(Stored records)
——

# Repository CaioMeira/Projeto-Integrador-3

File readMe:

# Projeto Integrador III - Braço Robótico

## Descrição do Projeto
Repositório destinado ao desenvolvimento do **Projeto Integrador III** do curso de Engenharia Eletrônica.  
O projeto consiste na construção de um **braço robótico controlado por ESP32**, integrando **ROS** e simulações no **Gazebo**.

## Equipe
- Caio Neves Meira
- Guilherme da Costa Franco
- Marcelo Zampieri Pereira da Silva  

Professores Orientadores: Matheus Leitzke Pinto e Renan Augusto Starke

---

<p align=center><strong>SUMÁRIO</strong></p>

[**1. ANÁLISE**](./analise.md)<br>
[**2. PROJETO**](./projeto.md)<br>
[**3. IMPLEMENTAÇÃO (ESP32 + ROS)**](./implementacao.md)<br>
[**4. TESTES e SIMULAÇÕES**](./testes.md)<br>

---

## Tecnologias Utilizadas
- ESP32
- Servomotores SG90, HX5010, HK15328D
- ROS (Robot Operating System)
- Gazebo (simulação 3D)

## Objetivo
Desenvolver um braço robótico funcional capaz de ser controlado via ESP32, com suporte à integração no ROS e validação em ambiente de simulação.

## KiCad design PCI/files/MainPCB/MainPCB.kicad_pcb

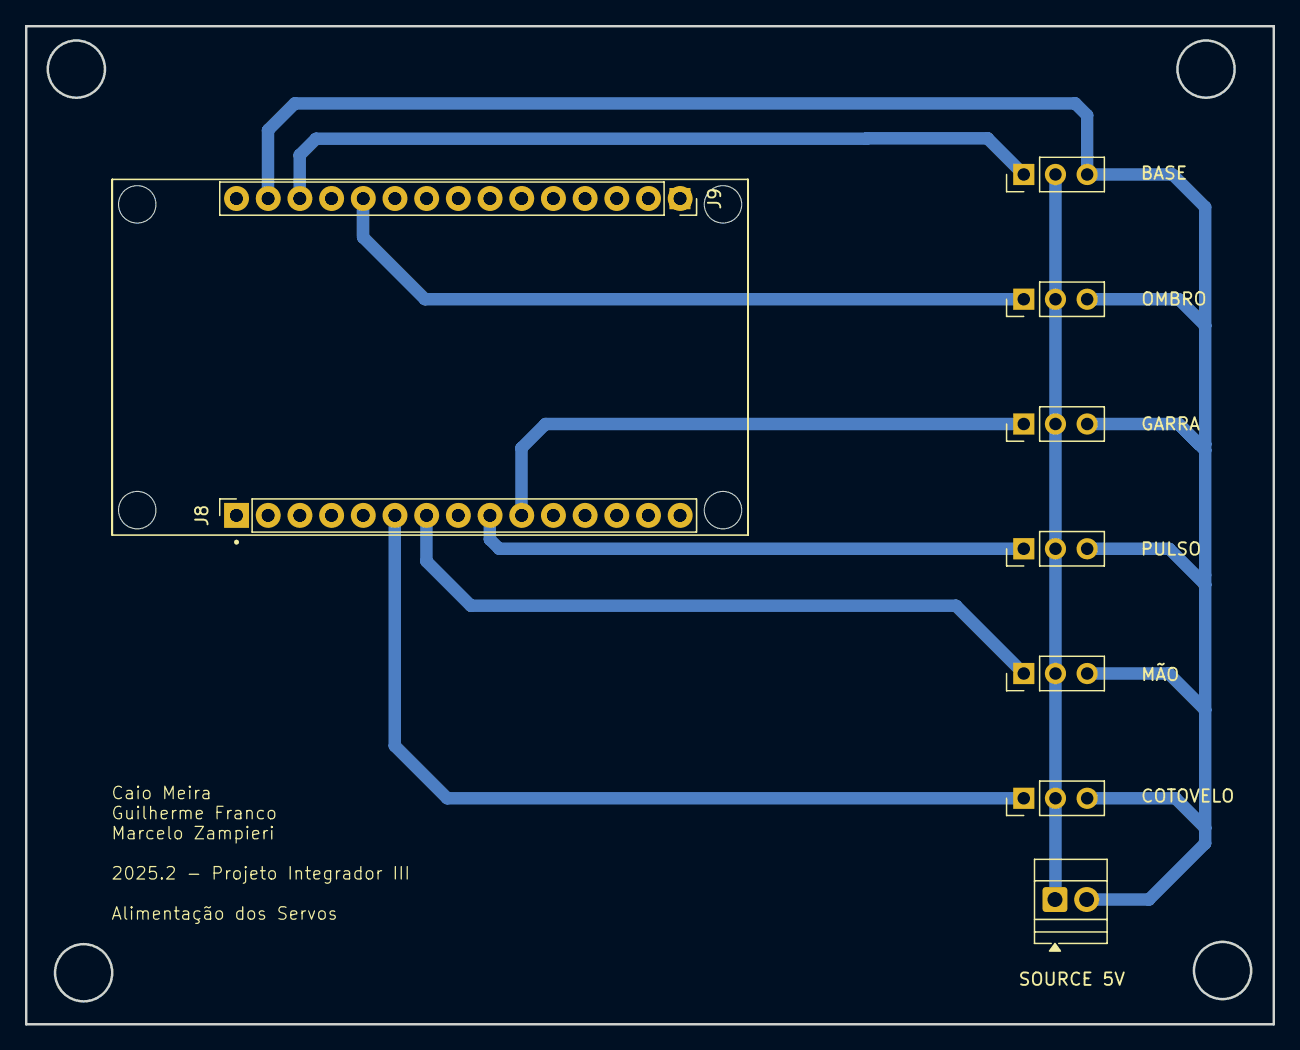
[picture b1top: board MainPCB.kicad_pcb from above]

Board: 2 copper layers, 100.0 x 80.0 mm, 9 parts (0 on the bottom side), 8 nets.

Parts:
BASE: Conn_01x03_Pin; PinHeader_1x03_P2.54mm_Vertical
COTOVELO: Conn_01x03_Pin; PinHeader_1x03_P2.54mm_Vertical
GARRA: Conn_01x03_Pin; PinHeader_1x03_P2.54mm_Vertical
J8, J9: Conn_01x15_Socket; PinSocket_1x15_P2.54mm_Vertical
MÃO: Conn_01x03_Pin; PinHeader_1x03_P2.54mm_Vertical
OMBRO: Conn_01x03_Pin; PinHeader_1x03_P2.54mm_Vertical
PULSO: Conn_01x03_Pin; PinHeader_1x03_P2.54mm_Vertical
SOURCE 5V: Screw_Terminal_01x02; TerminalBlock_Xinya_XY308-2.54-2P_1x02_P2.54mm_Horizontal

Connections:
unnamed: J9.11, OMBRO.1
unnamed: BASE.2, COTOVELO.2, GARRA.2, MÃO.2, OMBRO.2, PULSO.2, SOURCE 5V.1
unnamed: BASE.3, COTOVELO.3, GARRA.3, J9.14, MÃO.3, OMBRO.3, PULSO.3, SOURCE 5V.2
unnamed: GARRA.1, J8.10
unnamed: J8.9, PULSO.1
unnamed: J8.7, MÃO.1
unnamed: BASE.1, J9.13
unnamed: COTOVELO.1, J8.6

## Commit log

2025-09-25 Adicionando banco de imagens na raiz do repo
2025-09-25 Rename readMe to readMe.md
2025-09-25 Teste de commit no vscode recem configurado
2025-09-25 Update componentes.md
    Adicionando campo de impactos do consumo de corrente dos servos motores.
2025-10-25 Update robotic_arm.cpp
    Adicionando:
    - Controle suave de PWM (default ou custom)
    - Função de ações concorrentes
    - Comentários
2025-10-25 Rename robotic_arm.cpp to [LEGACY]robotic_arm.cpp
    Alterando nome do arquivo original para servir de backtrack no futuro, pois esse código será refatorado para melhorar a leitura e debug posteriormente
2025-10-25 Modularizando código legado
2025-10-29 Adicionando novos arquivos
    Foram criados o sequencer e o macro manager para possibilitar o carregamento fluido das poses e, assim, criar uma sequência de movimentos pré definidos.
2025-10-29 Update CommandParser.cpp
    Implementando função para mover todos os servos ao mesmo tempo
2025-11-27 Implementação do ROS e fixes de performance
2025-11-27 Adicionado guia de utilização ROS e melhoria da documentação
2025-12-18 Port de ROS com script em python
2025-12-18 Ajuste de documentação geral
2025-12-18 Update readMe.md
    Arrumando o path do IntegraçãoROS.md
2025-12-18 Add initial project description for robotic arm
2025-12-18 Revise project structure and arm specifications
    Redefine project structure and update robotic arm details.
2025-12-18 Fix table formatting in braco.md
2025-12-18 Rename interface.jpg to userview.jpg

——

■ Exercise brief ■
Set out exactly the run of lines that begins at the line holding "2025-12-18 Revise project" and ends at the last line of the data.

■ Solution for this task ■
2025-12-18 Revise project structure and arm specifications
    Redefine project structure and update robotic arm details.
2025-12-18 Fix table formatting in braco.md
2025-12-18 Rename interface.jpg to userview.jpg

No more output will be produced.